You are most welcome.

I don't know what those figures in the link could mean.

Frank


----------



## gbose (Oct 9, 2007)

*Bontrager Ranger Wheelset weight*

I suspect the numbers in the Spork's link include the tires. Other wise hard to explain a weight of over 5Kg = 11lbs

GB


----------



## The Spork (Sep 10, 2008)

I would hope that the weights listed included the tubes and tires as well.

Sorry if the link was misleading. It was just an article I found that I thought might be useful.

I was contemplating swapping out my rims and hubs as well, but it seems like I'd have to spend a considerable amount of money to realize any significant weight savings. I guess tires might be a better place to spend my money.


----------



## gbose (Oct 9, 2007)

Wheel weight is confusing. Different sources give you the weight of the bare wheel, even without rim strip, other include the rim strip and in this case tire and tube apparently. Which makes things more complicated, as the tire/tube could totally change the weight of the whole thing....

I'm having the same sense that it's difficult to reduce weight without spending big bucks. Please do post and let us know if you find a good alternative.

GBose


----------



## Tiffster (Jan 30, 2008)

It might not.

Until last week when the rear hub cracked i owned some Race X lite wheels. Claimed 1540g - i weighed them.

Rear 914g
Front 793g

Total 1707g ! AND that's without QR. 

So those Ranger weights could be right.


----------



## The Spork (Sep 10, 2008)

*Old News*

I know this is an old thread, but I have confirmed that the Bontrager Ranger Rim (rim only) weighs in at 524g.

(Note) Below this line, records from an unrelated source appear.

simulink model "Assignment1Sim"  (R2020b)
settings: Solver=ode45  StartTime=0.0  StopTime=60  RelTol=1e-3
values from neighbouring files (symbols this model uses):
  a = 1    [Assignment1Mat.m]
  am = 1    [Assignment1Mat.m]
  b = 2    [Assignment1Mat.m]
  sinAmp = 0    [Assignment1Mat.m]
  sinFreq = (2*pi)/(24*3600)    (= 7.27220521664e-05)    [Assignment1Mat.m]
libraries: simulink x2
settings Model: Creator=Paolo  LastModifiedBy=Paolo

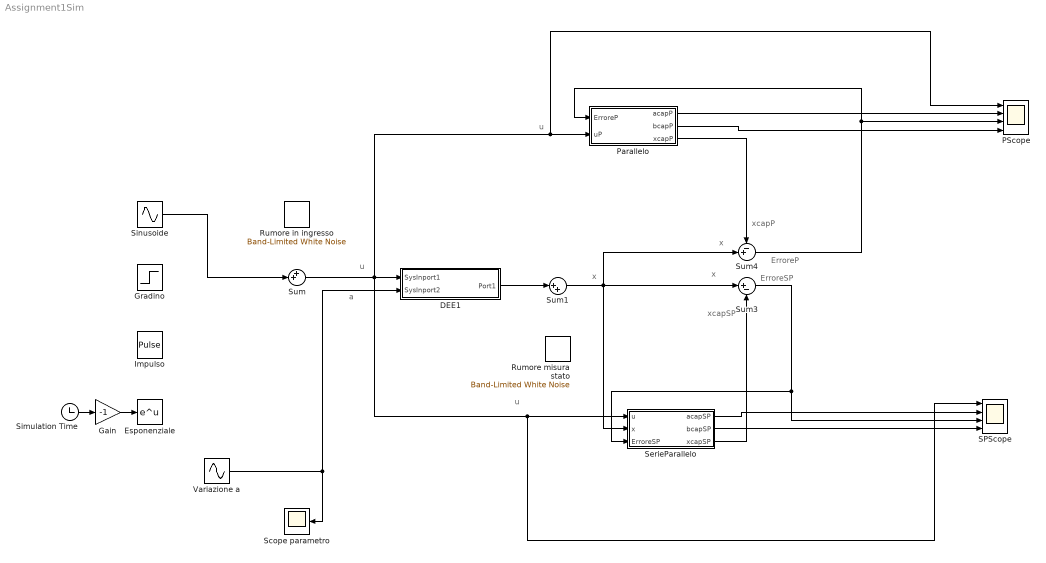
== system Assignment1Sim ==
  note: ErroreP
  note: x
  note: xcapP
  note: ErroreSP
  note: xcapSP
  note: x
  note: u
  note: u
  note: a
  note: u
  note: x
  "DEE1 " : Subsystem  mask(Differential Equation Editor (DEE)){}
      settings: OpenFcn=diffeqed
      mask Display: disp('Sistema')
  Esponenziale : Math  SaturateOnIntegerOverflow=on
  Gain : Gain  Gain=-1
  Gradino : Step  SampleTime=0
  Impulso : DiscretePulseGenerator  PulseType=Time based  Amplitude=10  Period=120  PulseWidth=5  PhaseDelay=1
  PScope : Scope  NumInputPorts=4
  Parallelo : Subsystem
  Rumore in ingresso : simulink/Sources/Band-Limited White Noise  Cov=[0.001]  Ts=0.1  seed=[2230]
  Rumore misura stato : simulink/Sources/Band-Limited White Noise  Cov=[0.1]  Ts=0.1  seed=[58]
  SPScope : Scope  NumInputPorts=4
  Scope parametro : Scope
  SerieParallelo : Subsystem
  Simulation Time : Clock
  Sinusoide : Sin  SampleTime=0
  Sum : Sum  Inputs=++|
  Sum1 : Sum  Inputs=|++
  Sum3 : Sum  Inputs=|+-
  Sum4 : Sum  Inputs=-+|
  Variazione a : Sin  Amplitude=sinAmp  Bias=a  Frequency=sinFreq  SampleTime=0
  wires:
  Simulation Time/1 -> Gain/1
  Gain/1 -> Esponenziale/1
  Sum/1 -> SPScope/1, SerieParallelo/1(u), PScope/1, Parallelo/2(uP), "DEE1 "/1(SysInport1)
  "DEE1 "/1(Port1) -> Sum1/1
  Sum1/1 -> SerieParallelo/2(x), Sum3/1, Sum4/2
  Sum3/1 -> SPScope/3, SerieParallelo/3(ErroreSP)
  Sum4/1 -> PScope/3, Parallelo/1(ErroreP)
  Parallelo/1(acapP) -> PScope/2
  Parallelo/3(xcapP) -> Sum4/1
  SerieParallelo/3(xcapSP) -> Sum3/2
  SerieParallelo/1(acapSP) -> SPScope/2
  Parallelo/2(bcapP) -> PScope/4
  SerieParallelo/2(bcapSP) -> SPScope/4
  Variazione a/1 -> Scope parametro/1, "DEE1 "/2(SysInport2)
  Sinusoide/1 -> Sum/2

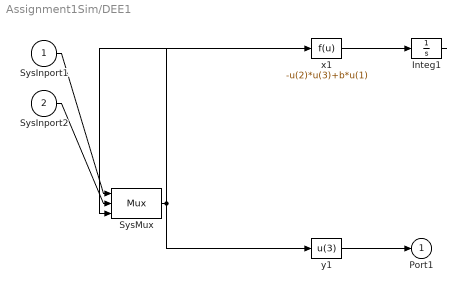
== system Assignment1Sim/DEE1  ==
  SysInport1 : Inport
  SysInport2 : Inport  Port=2
  Integ1 : Integrator
  SysMux : Mux  Inputs=3
  x1 : Fcn  Expr=-u(2)*u(3)+b*u(1)
  y1 : Fcn  Expr=u(3)
  Port1 : Outport
  wires:
  SysInport1/1 -> SysMux/1
  SysInport2/1 -> SysMux/2
  SysMux/1 -> x1/1, y1/1
  x1/1 -> Integ1/1
  Integ1/1 -> SysMux/3
  y1/1 -> Port1/1

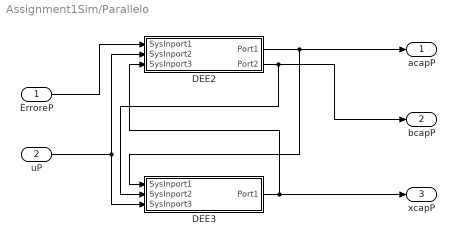
== system Assignment1Sim/Parallelo ==
  ErroreP : Inport
  uP : Inport  Port=2
  DEE2 : Subsystem  mask(Differential Equation Editor (DEE)){}
      settings: OpenFcn=diffeqed
      mask Display: disp('Stimatore')
  DEE3 : Subsystem  mask(Differential Equation Editor (DEE)){}
      settings: OpenFcn=diffeqed
      mask Display: disp('Sistema Stimato')
  acapP : Outport
  bcapP : Outport  Port=2
  xcapP : Outport  Port=3
  wires:
  DEE2/1(Port1) -> DEE3/1(SysInport1), acapP/1
  DEE2/2(Port2) -> DEE3/2(SysInport2), bcapP/1
  DEE3/1(Port1) -> DEE2/3(SysInport3), xcapP/1
  ErroreP/1 -> DEE2/1(SysInport1)
  uP/1 -> DEE3/3(SysInport3), DEE2/2(SysInport2)

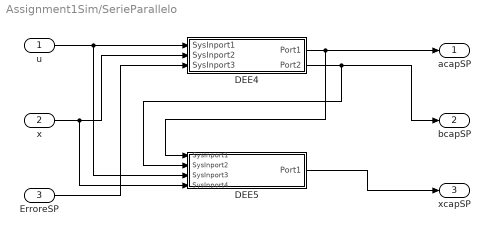
== system Assignment1Sim/SerieParallelo ==
  u : Inport
  x : Inport  Port=2
  ErroreSP : Inport  Port=3
  DEE4 : Subsystem  mask(Differential Equation Editor (DEE)){}
      settings: OpenFcn=diffeqed
      mask Display: disp('Stimatore')
  DEE5 : Subsystem  mask(Differential Equation Editor (DEE)){}
      settings: OpenFcn=diffeqed
      mask Display: disp('Sistema Stimato')
  acapSP : Outport
  bcapSP : Outport  Port=2
  xcapSP : Outport  Port=3
  wires:
  u/1 -> DEE5/3(SysInport3), DEE4/1(SysInport1)
  x/1 -> DEE5/4(SysInport4), DEE4/2(SysInport2)
  ErroreSP/1 -> DEE4/3(SysInport3)
  DEE4/2(Port2) -> DEE5/2(SysInport2), bcapSP/1
  DEE4/1(Port1) -> DEE5/1(SysInport1), acapSP/1
  DEE5/1(Port1) -> xcapSP/1

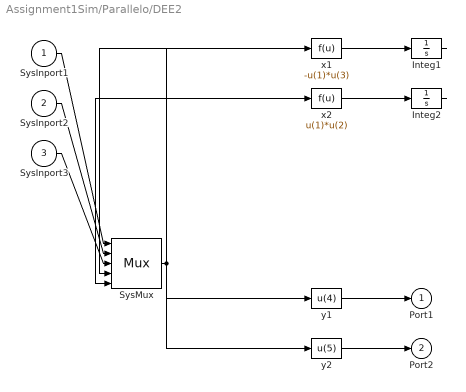
== system Assignment1Sim/Parallelo/DEE2 ==
  SysInport1 : Inport
  SysInport2 : Inport  Port=2
  SysInport3 : Inport  Port=3
  Integ1 : Integrator
  Integ2 : Integrator
  SysMux : Mux  Inputs=5
  x1 : Fcn  Expr=-u(1)*u(3)
  x2 : Fcn  Expr=u(1)*u(2)
  y1 : Fcn  Expr=u(4)
  y2 : Fcn  Expr=u(5)
  Port1 : Outport
  Port2 : Outport  Port=2
  wires:
  SysInport1/1 -> SysMux/1
  SysInport2/1 -> SysMux/2
  SysInport3/1 -> SysMux/3
  SysMux/1 -> x1/1, x2/1, y1/1, y2/1
  x1/1 -> Integ1/1
  Integ1/1 -> SysMux/4
  x2/1 -> Integ2/1
  Integ2/1 -> SysMux/5
  y1/1 -> Port1/1
  y2/1 -> Port2/1

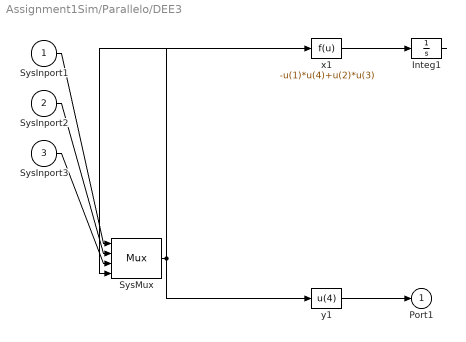
== system Assignment1Sim/Parallelo/DEE3 ==
  SysInport1 : Inport
  SysInport2 : Inport  Port=2
  SysInport3 : Inport  Port=3
  Integ1 : Integrator
  SysMux : Mux
  x1 : Fcn  Expr=-u(1)*u(4)+u(2)*u(3)
  y1 : Fcn  Expr=u(4)
  Port1 : Outport
  wires:
  SysInport1/1 -> SysMux/1
  SysInport2/1 -> SysMux/2
  SysInport3/1 -> SysMux/3
  SysMux/1 -> x1/1, y1/1
  x1/1 -> Integ1/1
  Integ1/1 -> SysMux/4
  y1/1 -> Port1/1

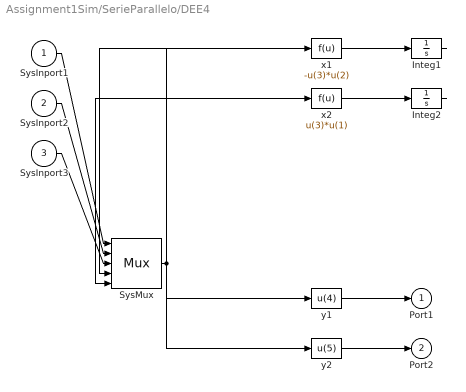
== system Assignment1Sim/SerieParallelo/DEE4 ==
  SysInport1 : Inport
  SysInport2 : Inport  Port=2
  SysInport3 : Inport  Port=3
  Integ1 : Integrator
  Integ2 : Integrator
  SysMux : Mux  Inputs=5
  x1 : Fcn  Expr=-u(3)*u(2)
  x2 : Fcn  Expr=u(3)*u(1)
  y1 : Fcn  Expr=u(4)
  y2 : Fcn  Expr=u(5)
  Port1 : Outport
  Port2 : Outport  Port=2
  wires:
  SysInport1/1 -> SysMux/1
  SysInport2/1 -> SysMux/2
  SysInport3/1 -> SysMux/3
  SysMux/1 -> x1/1, x2/1, y1/1, y2/1
  x1/1 -> Integ1/1
  Integ1/1 -> SysMux/4
  x2/1 -> Integ2/1
  Integ2/1 -> SysMux/5
  y1/1 -> Port1/1
  y2/1 -> Port2/1

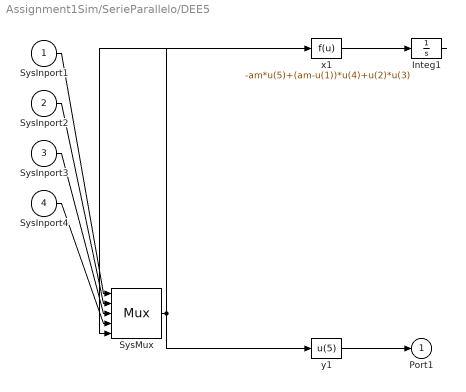
== system Assignment1Sim/SerieParallelo/DEE5 ==
  SysInport1 : Inport
  SysInport2 : Inport  Port=2
  SysInport3 : Inport  Port=3
  SysInport4 : Inport  Port=4
  Integ1 : Integrator
  SysMux : Mux  Inputs=5
  x1 : Fcn  Expr=-am*u(5)+(am-u(1))*u(4)+u(2)*u(3)
  y1 : Fcn  Expr=u(5)
  Port1 : Outport
  wires:
  SysInport1/1 -> SysMux/1
  SysInport2/1 -> SysMux/2
  SysInport3/1 -> SysMux/3
  SysInport4/1 -> SysMux/4
  SysMux/1 -> x1/1, y1/1
  x1/1 -> Integ1/1
  Integ1/1 -> SysMux/5
  y1/1 -> Port1/1

Now if I could just find the specs on the Shimano Front and Rear M65 Hubs (CL).


----------



## adamant76 (Jan 9, 2009)

*where'd you get the weight?*

where'd you get the weight? I have 29er Bont Mustang rims that I'm looking to replace. I'd like to lighten up the wheels in doing so. Any suggestions? right now I think I'll keep my hubs but replace everything else, but after adding it up I may be better just buying a set.


----------



## The Spork (Sep 10, 2008)

adamant76 said:


> where'd you get the weight? I have 29er Bont Mustang rims that I'm looking to replace. I'd like to lighten up the wheels in doing so. Any suggestions? right now I think I'll keep my hubs but replace everything else, but after adding it up I may be better just buying a set.


I emailed Bontrager customer service and asked them about the 26" ranger rims. TI couldn't fins any info on them. They responed very quickly.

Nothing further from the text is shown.